# Riding Jeans



## libann (Mar 12, 2007)

Hello to all,

Just wanted to ask a quick question..who makes the best jeans for Trail Endurance Riding? I know all my friends here can help me out
Thank you all,
Carol


----------



## Trails (Jan 28, 2009)

The better half has a pair of "trail rider jeans" that she likes. 
Here's a link to review on them.


----------



## Painted Horse (Dec 29, 2006)

Personally, I don't really think about it. I wear what ever jeans I happen to pull out. When I have done 50 mile endurance rides, I have put on some half chaps to protect my calves. especially on wet or snowy rides.


----------



## libann (Mar 12, 2007)

*Thank you all!!*

Thank you for all the information!!!


----------



## Celeste (Jul 3, 2011)

Trails said:


> The better half has a pair of "trail rider jeans" that she likes.
> Here's a link to review on them.


Those jeans are amazing, but I can't justify paying $200 for a pair of jeans when I can get extremely high quality riding breeches for less than half of that. If I knew that they would be comfortable, not shrink, not wear out fast, not ride too high up my waist, not look dorky, and not be uncomfortable, I might consider it. Now if anybody finds them on half price sale, let me know for sure.


----------



## gunslinger (Sep 17, 2011)

You should try the Wrangler cowboy cuts.....I was a Levi man all my life until DW bought me a pair of these.....much more comfortable that the Levi's I've worn for the past 50 years.


----------



## Darrin (Jul 11, 2011)

gunslinger said:


> You should try the Wrangler cowboy cuts.....I was a Levi man all my life until DW bought me a pair of these.....much more comfortable that the Levi's I've worn for the past 50 years.


Been wearing Wranglers since I was old enough to walk. Levi's make me want to sing soprano, I don't even want to think what would happen if I tried to jump into my saddle with a pair on.


----------



## OleBean (Dec 30, 2012)

I ride in overalls...they have got a million pockets for... camera and tools, gps etc..
And they are comfortable...


----------



## gunslinger (Sep 17, 2011)

OleBean said:


> I ride in overalls...they have got a million pockets for... camera and tools, gps etc..
> And they are comfortable...


Agreed, nothing like the Tennessee Tuxedo.....I wear them every day....Liberties are my favorites....seldom ride in them though.


----------



## RhondaLynn (Jan 26, 2010)

I would love to have a pair of those $189 jeans with the full seat.. but I cannot pay that amount for a pair of jeans. I am female and have had problems with jeans.. I don't have a problem with the legs coming up.. but with the seams on the inside crotch a real PAIN! 
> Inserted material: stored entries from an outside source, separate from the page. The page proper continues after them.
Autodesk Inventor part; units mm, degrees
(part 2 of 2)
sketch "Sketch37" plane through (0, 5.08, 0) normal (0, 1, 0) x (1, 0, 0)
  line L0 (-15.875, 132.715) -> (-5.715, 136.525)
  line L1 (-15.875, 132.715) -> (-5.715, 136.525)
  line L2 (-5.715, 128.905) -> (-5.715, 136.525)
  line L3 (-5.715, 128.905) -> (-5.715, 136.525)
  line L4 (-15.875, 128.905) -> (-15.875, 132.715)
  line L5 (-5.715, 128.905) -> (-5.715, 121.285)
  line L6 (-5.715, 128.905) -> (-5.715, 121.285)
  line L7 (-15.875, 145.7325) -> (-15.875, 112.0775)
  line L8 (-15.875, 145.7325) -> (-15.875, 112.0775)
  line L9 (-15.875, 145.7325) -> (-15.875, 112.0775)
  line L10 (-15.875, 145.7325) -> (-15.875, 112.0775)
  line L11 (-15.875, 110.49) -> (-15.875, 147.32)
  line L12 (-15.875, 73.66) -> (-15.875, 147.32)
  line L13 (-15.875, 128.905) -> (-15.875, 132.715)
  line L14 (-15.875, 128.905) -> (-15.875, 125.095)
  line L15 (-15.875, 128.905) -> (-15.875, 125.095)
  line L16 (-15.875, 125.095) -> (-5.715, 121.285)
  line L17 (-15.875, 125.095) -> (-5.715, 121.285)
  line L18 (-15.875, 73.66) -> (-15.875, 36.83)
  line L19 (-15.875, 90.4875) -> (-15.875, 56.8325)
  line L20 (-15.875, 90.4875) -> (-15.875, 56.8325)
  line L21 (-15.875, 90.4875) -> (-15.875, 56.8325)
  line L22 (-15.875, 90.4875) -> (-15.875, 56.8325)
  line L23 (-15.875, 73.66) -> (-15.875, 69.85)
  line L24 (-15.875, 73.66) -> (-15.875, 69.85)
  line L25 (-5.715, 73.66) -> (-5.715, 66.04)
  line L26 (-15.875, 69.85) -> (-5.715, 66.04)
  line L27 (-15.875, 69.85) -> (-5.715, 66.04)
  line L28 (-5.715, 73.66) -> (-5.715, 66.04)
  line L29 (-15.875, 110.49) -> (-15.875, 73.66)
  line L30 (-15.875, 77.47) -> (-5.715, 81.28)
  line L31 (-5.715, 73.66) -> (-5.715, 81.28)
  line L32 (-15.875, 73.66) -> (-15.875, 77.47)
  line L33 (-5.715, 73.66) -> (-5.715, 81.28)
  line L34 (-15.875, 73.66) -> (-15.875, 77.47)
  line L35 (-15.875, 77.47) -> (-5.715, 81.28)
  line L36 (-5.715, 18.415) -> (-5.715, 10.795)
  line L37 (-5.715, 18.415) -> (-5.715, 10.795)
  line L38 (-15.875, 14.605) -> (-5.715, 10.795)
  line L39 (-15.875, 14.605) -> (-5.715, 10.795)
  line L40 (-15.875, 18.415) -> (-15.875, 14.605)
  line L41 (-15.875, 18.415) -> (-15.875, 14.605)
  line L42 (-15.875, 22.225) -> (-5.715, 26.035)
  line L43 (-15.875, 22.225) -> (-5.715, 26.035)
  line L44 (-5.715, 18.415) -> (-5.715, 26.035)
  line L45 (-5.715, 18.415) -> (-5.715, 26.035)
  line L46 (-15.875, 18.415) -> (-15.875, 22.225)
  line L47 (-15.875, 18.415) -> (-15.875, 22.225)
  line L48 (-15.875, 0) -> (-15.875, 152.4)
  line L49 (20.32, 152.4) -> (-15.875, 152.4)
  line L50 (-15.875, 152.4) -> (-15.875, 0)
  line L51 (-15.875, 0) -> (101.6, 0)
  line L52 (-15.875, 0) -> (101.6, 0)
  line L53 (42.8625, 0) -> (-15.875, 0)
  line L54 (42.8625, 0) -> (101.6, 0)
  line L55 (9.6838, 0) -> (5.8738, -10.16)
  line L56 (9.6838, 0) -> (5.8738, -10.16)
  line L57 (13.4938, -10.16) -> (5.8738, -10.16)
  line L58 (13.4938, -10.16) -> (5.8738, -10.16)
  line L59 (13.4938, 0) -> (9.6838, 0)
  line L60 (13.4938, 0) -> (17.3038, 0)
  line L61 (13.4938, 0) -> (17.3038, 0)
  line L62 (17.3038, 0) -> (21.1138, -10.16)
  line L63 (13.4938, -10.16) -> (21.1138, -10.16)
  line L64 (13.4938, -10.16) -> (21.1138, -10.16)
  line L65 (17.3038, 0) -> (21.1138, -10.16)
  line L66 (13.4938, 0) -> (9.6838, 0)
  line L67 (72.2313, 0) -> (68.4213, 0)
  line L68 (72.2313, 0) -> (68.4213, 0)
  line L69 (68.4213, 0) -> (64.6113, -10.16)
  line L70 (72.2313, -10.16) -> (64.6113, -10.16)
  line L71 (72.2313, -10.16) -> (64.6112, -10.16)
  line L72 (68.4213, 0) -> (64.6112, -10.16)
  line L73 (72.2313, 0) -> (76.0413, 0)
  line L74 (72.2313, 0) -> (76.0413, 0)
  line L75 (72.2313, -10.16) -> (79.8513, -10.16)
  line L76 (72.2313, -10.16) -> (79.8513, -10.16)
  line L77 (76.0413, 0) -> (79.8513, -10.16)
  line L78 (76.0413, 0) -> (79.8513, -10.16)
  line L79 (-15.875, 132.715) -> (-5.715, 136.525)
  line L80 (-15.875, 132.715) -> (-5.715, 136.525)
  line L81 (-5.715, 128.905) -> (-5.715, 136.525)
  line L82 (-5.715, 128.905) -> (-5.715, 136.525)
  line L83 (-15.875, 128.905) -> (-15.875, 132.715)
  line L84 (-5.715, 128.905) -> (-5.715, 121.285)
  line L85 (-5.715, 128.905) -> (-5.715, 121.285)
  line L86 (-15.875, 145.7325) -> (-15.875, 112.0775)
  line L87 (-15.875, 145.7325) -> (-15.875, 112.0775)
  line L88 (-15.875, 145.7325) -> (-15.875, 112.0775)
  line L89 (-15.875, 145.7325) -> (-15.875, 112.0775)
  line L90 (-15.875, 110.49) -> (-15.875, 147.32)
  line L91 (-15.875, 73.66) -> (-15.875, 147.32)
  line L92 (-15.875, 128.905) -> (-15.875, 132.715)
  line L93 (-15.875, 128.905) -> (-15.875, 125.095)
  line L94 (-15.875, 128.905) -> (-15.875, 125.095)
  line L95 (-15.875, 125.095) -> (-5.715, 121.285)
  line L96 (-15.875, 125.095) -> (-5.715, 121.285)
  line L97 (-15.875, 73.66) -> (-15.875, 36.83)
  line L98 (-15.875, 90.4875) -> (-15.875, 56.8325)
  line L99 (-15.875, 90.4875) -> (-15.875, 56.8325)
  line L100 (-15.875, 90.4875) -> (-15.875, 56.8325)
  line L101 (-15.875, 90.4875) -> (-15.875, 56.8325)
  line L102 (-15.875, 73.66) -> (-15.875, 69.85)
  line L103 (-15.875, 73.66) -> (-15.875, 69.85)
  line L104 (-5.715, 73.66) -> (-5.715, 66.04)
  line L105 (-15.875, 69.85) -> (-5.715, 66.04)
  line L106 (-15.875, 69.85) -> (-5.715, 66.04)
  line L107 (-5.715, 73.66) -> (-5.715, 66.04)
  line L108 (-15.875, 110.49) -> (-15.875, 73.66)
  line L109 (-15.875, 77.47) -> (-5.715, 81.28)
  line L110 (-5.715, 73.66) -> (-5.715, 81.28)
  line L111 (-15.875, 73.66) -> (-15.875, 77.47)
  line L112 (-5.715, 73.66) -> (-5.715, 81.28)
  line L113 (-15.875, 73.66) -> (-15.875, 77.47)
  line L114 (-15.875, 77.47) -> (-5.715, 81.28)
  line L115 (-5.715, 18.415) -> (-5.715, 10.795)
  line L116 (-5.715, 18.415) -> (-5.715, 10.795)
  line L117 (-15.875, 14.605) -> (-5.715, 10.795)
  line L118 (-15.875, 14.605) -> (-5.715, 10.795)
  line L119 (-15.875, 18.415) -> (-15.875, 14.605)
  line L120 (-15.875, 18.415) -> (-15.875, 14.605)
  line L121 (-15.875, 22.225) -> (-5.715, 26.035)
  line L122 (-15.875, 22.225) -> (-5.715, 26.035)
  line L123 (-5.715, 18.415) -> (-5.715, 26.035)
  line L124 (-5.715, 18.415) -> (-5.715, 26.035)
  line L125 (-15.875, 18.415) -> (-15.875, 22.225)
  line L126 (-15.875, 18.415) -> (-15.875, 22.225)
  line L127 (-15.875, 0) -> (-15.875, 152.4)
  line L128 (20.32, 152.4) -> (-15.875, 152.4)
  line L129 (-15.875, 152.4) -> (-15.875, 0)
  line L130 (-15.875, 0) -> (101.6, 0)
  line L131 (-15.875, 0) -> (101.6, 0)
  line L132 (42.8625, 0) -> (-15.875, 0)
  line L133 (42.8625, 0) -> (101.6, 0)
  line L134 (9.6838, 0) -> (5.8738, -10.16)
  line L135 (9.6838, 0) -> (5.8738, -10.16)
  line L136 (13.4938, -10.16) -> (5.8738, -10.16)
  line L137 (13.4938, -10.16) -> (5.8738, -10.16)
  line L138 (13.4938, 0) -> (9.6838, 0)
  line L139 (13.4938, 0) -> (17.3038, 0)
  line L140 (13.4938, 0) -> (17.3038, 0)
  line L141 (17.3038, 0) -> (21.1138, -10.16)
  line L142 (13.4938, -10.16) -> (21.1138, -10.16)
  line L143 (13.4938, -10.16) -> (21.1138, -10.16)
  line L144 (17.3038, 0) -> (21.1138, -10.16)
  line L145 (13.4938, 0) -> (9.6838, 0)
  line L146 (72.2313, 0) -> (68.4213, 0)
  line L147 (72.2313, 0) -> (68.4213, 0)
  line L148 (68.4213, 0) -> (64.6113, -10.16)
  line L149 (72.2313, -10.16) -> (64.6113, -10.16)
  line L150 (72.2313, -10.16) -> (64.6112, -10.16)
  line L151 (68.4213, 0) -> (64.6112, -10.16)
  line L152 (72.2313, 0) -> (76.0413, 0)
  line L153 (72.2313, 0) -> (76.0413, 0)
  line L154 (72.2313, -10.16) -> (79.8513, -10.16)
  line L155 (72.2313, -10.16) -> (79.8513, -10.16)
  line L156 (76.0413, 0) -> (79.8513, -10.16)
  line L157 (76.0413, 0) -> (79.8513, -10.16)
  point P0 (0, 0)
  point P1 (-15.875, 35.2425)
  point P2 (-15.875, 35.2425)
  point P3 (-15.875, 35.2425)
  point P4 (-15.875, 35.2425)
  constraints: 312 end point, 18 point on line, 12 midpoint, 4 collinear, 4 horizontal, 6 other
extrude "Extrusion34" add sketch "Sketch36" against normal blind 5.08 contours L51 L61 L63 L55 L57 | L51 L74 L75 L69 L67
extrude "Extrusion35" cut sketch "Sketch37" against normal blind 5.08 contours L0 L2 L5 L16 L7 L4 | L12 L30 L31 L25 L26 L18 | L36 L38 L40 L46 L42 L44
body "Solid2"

I found the wrangler Q-baby's to be pretty good. They are fairly cheap and stretch with flat seams. I am not small yet not big weigh 170 size 10 and they do well for me. Just my 2 cents!!!

Rhonda


----------



## Sunny (Mar 26, 2010)

If you only want jeans for the look, you may want to consider the denim-styled breeches. I've seen some nice, reasonable pairs lately. 
I plan to get some when I start doing endurance; that way I have the relaxed look but the amazing comfort of breeches.


----------



## armydogs (Apr 14, 2010)

This might sound funny coming from a woman, but I wear men's Wranglers Cowboy Cut jeans. First, I can find them in the length I need (38" inseam). Second, they last longer. Third, they are cheaper than most womens jeans.


----------



## waresbear (Jun 18, 2011)

I have a pair of those riding jeans similar to those, brand name Horka. They do not have the cargo pocket but everything else is the same except the price, mine were retail $125 but I got 50% off. Very nice garment, looks & works good both English & Western.
_Posted via Mobile Device_


----------



## Celeste (Jul 3, 2011)

I found a link to the Horka jeans and they were expensive.
HORKA L-RIDING JEANS BREECH - Breeches - Apparel - Skylands Saddlery


----------



## waresbear (Jun 18, 2011)

Not the same style, maybe why mine were 50% off, discontinued? Anyways, here are mine, you can use them for Western & English with tall boots, they have the stirrup straps as well & man are they comfy!


----------



## thenrie (Sep 10, 2012)

I like the brown canvas workpants by Dickies, sold at Walmart. The canvas is more durable than blue jeans and is somewhat water resistant. Wash them first, though. The only thing I don't like about them, that I wish they would fix, is the front pockets are hard to get your hand into. Cut a little too tight.


----------



## outnabout (Jul 23, 2010)

Wrangler Q Baby jeans for me, fit great and comfortable and hold up pretty good. Thenrie, I'm going to check out those Dickies canvas pants, too. I've seen men wear them. Probably best for rough rides with lots of brush and branches. I always gravitate towards the men's dept for certain things, and now pants, too, I guess! Fishing shirts this year are equally expensive on both sides, though.


----------



## G8tdh0rse (Aug 14, 2012)

I like fishing shirts too. Lots of pockets, well ventilated and some have UV protection.


----------